§ **Instructions to follow**
The answer must consist of each line below that contains the word "Boss", copied in full.

*** The data ***

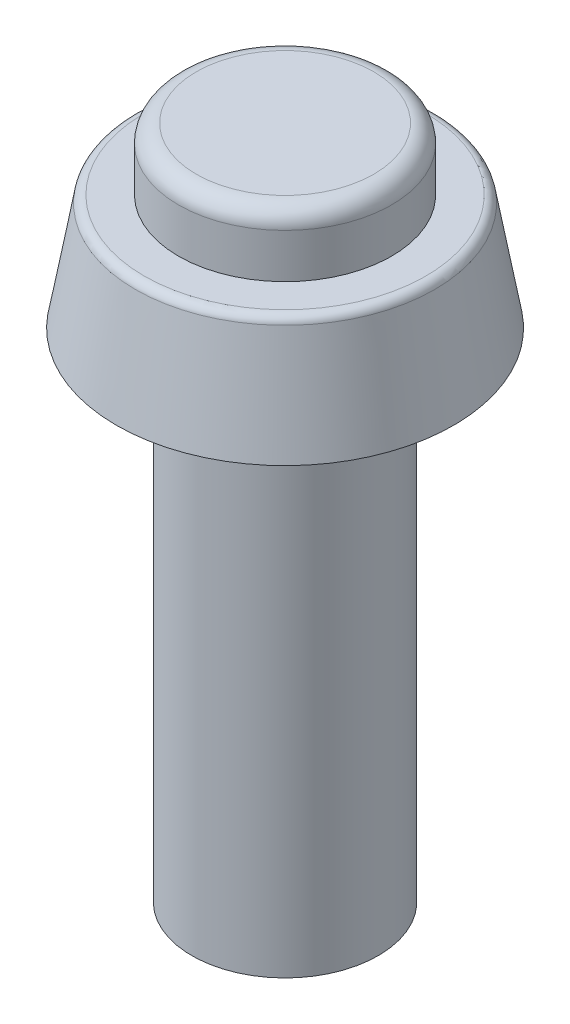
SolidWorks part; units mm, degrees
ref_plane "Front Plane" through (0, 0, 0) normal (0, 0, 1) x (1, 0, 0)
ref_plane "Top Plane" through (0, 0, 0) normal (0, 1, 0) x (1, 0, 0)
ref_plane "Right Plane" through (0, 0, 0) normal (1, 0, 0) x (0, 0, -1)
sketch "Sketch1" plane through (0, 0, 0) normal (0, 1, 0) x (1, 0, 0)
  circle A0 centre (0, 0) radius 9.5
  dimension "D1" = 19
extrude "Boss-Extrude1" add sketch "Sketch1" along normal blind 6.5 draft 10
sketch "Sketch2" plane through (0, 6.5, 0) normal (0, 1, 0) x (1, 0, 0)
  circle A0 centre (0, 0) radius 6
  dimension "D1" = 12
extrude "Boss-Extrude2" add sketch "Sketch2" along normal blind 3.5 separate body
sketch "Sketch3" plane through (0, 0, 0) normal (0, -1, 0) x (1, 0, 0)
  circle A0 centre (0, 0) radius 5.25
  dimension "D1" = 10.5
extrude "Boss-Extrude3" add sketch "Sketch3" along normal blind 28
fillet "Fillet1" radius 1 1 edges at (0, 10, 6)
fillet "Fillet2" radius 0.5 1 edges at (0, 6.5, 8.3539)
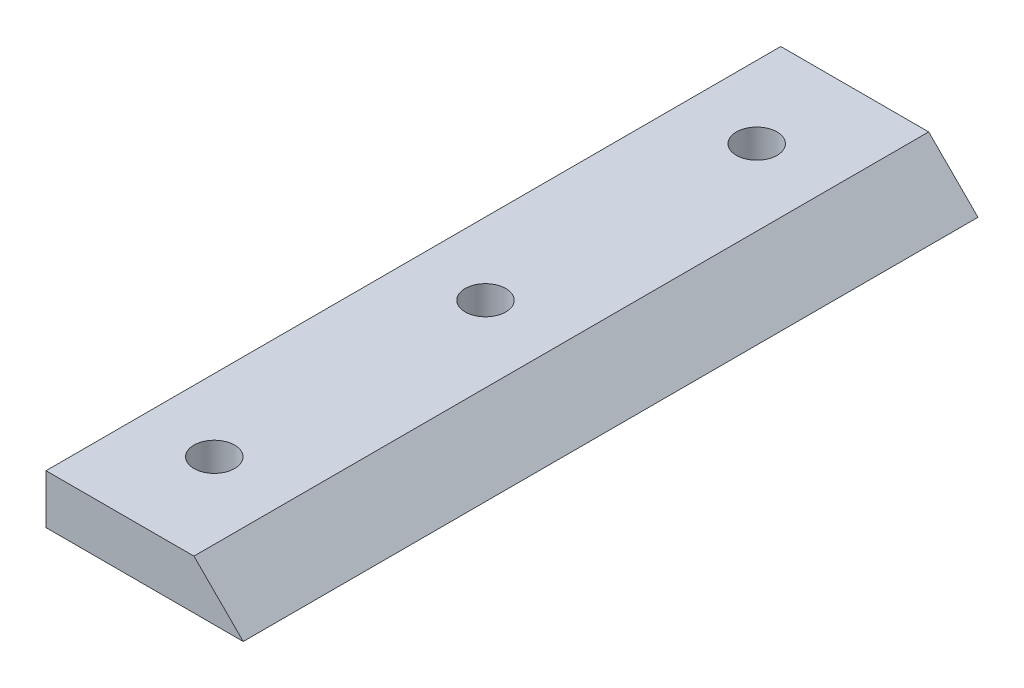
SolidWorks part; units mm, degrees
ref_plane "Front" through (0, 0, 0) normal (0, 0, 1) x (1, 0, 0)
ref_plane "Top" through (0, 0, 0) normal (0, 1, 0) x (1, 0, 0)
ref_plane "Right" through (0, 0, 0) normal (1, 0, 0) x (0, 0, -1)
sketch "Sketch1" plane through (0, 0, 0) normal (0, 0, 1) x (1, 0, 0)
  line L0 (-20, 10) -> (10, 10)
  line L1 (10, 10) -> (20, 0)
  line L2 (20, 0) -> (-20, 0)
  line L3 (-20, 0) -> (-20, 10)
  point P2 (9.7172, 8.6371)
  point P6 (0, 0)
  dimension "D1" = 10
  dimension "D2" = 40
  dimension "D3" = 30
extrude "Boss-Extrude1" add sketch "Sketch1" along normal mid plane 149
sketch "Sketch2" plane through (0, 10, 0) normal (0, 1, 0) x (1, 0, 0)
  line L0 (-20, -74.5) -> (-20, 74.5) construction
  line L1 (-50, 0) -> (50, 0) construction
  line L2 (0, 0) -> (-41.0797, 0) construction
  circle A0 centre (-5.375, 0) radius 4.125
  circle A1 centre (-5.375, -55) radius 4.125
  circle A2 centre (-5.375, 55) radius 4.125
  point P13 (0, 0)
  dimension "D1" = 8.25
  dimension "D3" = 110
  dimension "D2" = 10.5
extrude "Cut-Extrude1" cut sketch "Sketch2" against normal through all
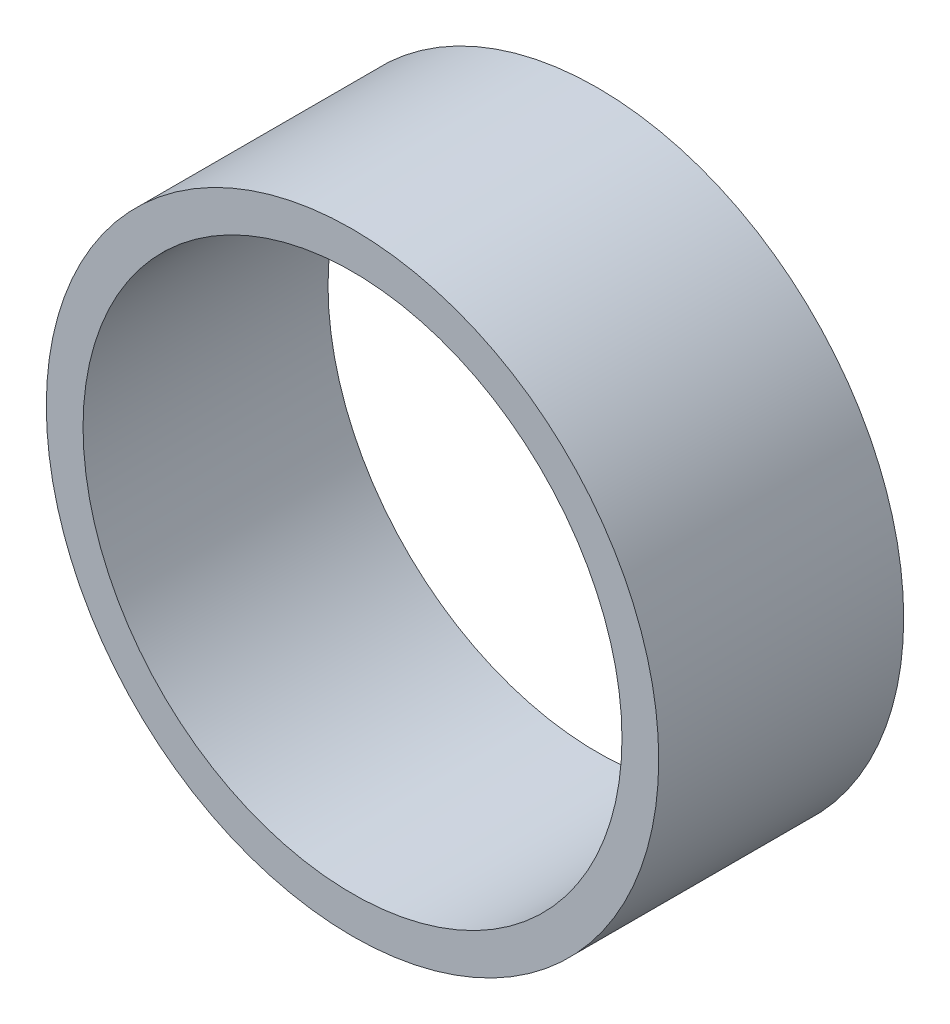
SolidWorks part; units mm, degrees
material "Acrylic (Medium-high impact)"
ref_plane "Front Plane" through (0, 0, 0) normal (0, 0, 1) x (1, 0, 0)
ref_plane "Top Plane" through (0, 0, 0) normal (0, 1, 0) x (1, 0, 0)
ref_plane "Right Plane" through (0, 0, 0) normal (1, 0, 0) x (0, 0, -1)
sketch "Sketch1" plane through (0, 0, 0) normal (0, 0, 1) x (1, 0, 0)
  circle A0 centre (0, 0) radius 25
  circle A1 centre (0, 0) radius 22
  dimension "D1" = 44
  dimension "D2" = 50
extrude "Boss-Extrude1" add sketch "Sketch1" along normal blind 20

***

§ **Exercise result**
extrude "Boss-Extrude1" add sketch "Sketch1" along normal blind 6.5 draft 10
extrude "Boss-Extrude2" add sketch "Sketch2" along normal blind 3.5 separate body
extrude "Boss-Extrude3" add sketch "Sketch3" along normal blind 28
extrude "Boss-Extrude1" add sketch "Sketch1" along normal mid plane 149
extrude "Boss-Extrude1" add sketch "Sketch1" along normal blind 20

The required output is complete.